→ What you will do:
Please copy exactly the lines that run from the start of the entries to the line containing "# Repository ElectronicCats/AjoloteBoard", inclusive.

→ Task inputs:

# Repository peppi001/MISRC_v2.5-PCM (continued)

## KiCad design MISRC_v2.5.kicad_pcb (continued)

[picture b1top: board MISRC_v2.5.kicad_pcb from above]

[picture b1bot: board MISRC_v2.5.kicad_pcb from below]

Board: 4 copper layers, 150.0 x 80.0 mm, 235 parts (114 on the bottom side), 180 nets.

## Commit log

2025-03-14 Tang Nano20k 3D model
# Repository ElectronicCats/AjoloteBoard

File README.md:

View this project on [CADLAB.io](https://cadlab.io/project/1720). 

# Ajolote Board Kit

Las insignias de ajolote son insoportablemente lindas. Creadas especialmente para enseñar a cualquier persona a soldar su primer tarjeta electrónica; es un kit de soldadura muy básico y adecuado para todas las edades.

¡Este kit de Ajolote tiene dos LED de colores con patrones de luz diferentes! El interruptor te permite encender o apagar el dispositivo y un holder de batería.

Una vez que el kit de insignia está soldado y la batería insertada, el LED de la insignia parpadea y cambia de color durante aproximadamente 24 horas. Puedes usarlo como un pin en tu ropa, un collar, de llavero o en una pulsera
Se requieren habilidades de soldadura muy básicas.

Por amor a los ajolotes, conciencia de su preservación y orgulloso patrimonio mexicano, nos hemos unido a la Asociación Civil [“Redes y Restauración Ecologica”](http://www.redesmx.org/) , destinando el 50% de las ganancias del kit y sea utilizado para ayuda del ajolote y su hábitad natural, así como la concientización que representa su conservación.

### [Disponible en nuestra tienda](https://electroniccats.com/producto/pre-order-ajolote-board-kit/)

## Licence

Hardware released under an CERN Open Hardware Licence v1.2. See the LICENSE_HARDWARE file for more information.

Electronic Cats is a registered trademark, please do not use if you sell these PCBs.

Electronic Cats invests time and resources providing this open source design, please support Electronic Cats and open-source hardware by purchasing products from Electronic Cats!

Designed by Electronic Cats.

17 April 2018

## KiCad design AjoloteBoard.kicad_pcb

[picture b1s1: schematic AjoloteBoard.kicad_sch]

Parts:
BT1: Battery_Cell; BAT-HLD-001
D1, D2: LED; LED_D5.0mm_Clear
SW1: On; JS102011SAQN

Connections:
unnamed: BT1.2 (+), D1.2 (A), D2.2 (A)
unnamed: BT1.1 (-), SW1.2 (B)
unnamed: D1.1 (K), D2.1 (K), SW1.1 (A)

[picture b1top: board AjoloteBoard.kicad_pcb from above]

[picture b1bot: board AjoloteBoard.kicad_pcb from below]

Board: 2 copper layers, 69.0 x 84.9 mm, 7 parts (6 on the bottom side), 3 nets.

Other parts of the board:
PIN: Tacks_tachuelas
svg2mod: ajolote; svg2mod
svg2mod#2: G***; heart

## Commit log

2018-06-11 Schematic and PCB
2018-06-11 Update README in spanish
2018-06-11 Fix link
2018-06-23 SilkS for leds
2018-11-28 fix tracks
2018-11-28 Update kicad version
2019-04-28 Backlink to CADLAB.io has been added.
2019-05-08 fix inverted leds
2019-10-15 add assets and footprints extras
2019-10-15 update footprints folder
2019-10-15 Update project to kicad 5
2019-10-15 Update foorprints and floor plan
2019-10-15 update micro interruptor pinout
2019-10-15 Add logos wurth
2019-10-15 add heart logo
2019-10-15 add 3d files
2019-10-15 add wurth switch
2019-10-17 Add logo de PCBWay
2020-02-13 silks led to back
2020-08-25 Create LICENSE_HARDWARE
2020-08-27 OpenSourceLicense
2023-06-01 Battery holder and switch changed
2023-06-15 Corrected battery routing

→ Exercise answer:
# Repository peppi001/MISRC_v2.5-PCM (continued)

## KiCad design MISRC_v2.5.kicad_pcb (continued)

[picture b1top: board MISRC_v2.5.kicad_pcb from above]

[picture b1bot: board MISRC_v2.5.kicad_pcb from below]

Board: 4 copper layers, 150.0 x 80.0 mm, 235 parts (114 on the bottom side), 180 nets.

## Commit log

2025-03-14 Tang Nano20k 3D model
# Repository ElectronicCats/AjoloteBoard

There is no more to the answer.